:: WHAT YOU WILL DO ::
Write the data out again, character for character, with no images.

:: EXTRACTED ENTRIES ::
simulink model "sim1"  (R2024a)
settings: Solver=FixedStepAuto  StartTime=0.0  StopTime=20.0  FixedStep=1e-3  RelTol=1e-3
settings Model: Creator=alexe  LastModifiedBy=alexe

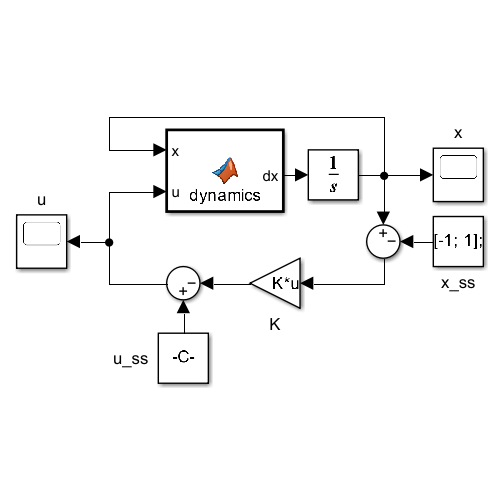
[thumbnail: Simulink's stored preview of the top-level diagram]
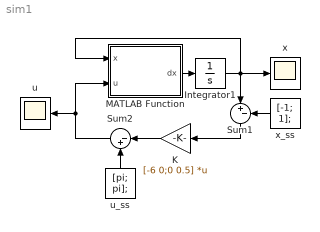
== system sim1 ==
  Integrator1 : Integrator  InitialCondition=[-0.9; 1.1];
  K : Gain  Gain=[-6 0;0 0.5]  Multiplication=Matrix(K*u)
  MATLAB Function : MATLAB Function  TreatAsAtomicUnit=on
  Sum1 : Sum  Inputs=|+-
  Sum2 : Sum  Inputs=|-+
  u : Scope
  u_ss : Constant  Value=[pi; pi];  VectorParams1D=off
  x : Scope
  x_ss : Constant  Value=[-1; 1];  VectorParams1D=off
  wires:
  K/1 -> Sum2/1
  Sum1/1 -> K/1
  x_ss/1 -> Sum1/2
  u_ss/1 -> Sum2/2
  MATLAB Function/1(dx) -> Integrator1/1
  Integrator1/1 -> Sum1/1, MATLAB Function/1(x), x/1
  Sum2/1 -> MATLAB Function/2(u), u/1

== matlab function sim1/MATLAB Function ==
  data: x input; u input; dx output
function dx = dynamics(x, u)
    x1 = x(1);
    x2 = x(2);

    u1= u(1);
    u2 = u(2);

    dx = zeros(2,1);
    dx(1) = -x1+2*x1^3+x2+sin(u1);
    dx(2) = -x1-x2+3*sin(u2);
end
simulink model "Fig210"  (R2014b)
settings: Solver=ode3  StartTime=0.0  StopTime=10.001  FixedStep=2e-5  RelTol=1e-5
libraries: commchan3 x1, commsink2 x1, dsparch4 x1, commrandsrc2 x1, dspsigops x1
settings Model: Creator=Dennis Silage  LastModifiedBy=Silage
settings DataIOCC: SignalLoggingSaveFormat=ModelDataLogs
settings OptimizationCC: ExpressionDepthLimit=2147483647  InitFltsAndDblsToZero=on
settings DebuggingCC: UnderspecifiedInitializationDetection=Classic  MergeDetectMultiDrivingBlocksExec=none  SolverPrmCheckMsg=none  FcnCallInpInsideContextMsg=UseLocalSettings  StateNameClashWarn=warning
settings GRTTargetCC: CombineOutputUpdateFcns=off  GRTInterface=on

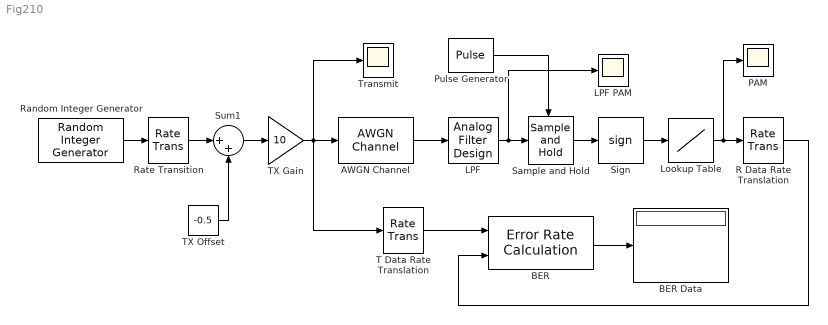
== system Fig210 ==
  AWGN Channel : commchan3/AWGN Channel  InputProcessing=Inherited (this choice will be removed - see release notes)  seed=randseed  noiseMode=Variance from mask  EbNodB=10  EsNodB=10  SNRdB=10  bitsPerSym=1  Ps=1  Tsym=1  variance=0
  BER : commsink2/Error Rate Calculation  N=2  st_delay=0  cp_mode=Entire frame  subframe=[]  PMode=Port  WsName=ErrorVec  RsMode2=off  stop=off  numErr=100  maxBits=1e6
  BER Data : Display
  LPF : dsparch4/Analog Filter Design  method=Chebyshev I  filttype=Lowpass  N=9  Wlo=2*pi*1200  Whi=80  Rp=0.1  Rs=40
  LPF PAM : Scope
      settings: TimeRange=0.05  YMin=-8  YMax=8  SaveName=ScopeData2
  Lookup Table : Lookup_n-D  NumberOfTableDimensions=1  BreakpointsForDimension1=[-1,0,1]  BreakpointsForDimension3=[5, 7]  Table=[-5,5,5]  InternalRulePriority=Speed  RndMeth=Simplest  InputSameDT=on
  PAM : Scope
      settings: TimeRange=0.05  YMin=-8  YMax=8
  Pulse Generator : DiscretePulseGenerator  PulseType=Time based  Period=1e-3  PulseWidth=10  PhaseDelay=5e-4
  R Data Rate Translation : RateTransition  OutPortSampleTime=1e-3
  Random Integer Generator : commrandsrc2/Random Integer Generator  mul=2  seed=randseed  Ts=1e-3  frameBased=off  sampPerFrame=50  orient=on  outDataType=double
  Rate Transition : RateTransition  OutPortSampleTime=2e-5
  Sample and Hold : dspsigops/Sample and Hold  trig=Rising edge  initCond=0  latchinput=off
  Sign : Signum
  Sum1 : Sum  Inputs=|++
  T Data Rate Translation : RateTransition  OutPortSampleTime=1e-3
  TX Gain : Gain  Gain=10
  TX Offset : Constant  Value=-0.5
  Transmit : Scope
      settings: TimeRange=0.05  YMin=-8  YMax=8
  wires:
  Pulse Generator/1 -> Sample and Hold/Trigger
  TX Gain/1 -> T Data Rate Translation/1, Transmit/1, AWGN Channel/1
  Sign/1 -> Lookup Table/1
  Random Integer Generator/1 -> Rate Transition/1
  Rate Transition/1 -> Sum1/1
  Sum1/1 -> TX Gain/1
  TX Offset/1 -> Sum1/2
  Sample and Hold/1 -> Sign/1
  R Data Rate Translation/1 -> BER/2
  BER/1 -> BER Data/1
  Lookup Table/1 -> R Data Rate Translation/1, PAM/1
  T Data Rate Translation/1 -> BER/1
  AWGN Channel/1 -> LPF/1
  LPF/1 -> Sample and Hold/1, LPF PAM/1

:: PROBLEM SOLUTION ::
simulink model "sim1"  (R2024a)
settings: Solver=FixedStepAuto  StartTime=0.0  StopTime=20.0  FixedStep=1e-3  RelTol=1e-3
settings Model: Creator=alexe  LastModifiedBy=alexe

[thumbnail: Simulink's stored preview of the top-level diagram]
== system sim1 ==
  Integrator1 : Integrator  InitialCondition=[-0.9; 1.1];
  K : Gain  Gain=[-6 0;0 0.5]  Multiplication=Matrix(K*u)
  MATLAB Function : MATLAB Function  TreatAsAtomicUnit=on
  Sum1 : Sum  Inputs=|+-
  Sum2 : Sum  Inputs=|-+
  u : Scope
  u_ss : Constant  Value=[pi; pi];  VectorParams1D=off
  x : Scope
  x_ss : Constant  Value=[-1; 1];  VectorParams1D=off
  wires:
  K/1 -> Sum2/1
  Sum1/1 -> K/1
  x_ss/1 -> Sum1/2
  u_ss/1 -> Sum2/2
  MATLAB Function/1(dx) -> Integrator1/1
  Integrator1/1 -> Sum1/1, MATLAB Function/1(x), x/1
  Sum2/1 -> MATLAB Function/2(u), u/1

== matlab function sim1/MATLAB Function ==
  data: x input; u input; dx output
function dx = dynamics(x, u)
    x1 = x(1);
    x2 = x(2);

    u1= u(1);
    u2 = u(2);

    dx = zeros(2,1);
    dx(1) = -x1+2*x1^3+x2+sin(u1);
    dx(2) = -x1-x2+3*sin(u2);
end
simulink model "Fig210"  (R2014b)
settings: Solver=ode3  StartTime=0.0  StopTime=10.001  FixedStep=2e-5  RelTol=1e-5
libraries: commchan3 x1, commsink2 x1, dsparch4 x1, commrandsrc2 x1, dspsigops x1
settings Model: Creator=Dennis Silage  LastModifiedBy=Silage
settings DataIOCC: SignalLoggingSaveFormat=ModelDataLogs
settings OptimizationCC: ExpressionDepthLimit=2147483647  InitFltsAndDblsToZero=on
settings DebuggingCC: UnderspecifiedInitializationDetection=Classic  MergeDetectMultiDrivingBlocksExec=none  SolverPrmCheckMsg=none  FcnCallInpInsideContextMsg=UseLocalSettings  StateNameClashWarn=warning
settings GRTTargetCC: CombineOutputUpdateFcns=off  GRTInterface=on

== system Fig210 ==
  AWGN Channel : commchan3/AWGN Channel  InputProcessing=Inherited (this choice will be removed - see release notes)  seed=randseed  noiseMode=Variance from mask  EbNodB=10  EsNodB=10  SNRdB=10  bitsPerSym=1  Ps=1  Tsym=1  variance=0
  BER : commsink2/Error Rate Calculation  N=2  st_delay=0  cp_mode=Entire frame  subframe=[]  PMode=Port  WsName=ErrorVec  RsMode2=off  stop=off  numErr=100  maxBits=1e6
  BER Data : Display
  LPF : dsparch4/Analog Filter Design  method=Chebyshev I  filttype=Lowpass  N=9  Wlo=2*pi*1200  Whi=80  Rp=0.1  Rs=40
  LPF PAM : Scope
      settings: TimeRange=0.05  YMin=-8  YMax=8  SaveName=ScopeData2
  Lookup Table : Lookup_n-D  NumberOfTableDimensions=1  BreakpointsForDimension1=[-1,0,1]  BreakpointsForDimension3=[5, 7]  Table=[-5,5,5]  InternalRulePriority=Speed  RndMeth=Simplest  InputSameDT=on
  PAM : Scope
      settings: TimeRange=0.05  YMin=-8  YMax=8
  Pulse Generator : DiscretePulseGenerator  PulseType=Time based  Period=1e-3  PulseWidth=10  PhaseDelay=5e-4
  R Data Rate Translation : RateTransition  OutPortSampleTime=1e-3
  Random Integer Generator : commrandsrc2/Random Integer Generator  mul=2  seed=randseed  Ts=1e-3  frameBased=off  sampPerFrame=50  orient=on  outDataType=double
  Rate Transition : RateTransition  OutPortSampleTime=2e-5
  Sample and Hold : dspsigops/Sample and Hold  trig=Rising edge  initCond=0  latchinput=off
  Sign : Signum
  Sum1 : Sum  Inputs=|++
  T Data Rate Translation : RateTransition  OutPortSampleTime=1e-3
  TX Gain : Gain  Gain=10
  TX Offset : Constant  Value=-0.5
  Transmit : Scope
      settings: TimeRange=0.05  YMin=-8  YMax=8
  wires:
  Pulse Generator/1 -> Sample and Hold/Trigger
  TX Gain/1 -> T Data Rate Translation/1, Transmit/1, AWGN Channel/1
  Sign/1 -> Lookup Table/1
  Random Integer Generator/1 -> Rate Transition/1
  Rate Transition/1 -> Sum1/1
  Sum1/1 -> TX Gain/1
  TX Offset/1 -> Sum1/2
  Sample and Hold/1 -> Sign/1
  R Data Rate Translation/1 -> BER/2
  BER/1 -> BER Data/1
  Lookup Table/1 -> R Data Rate Translation/1, PAM/1
  T Data Rate Translation/1 -> BER/1
  AWGN Channel/1 -> LPF/1
  LPF/1 -> Sample and Hold/1, LPF PAM/1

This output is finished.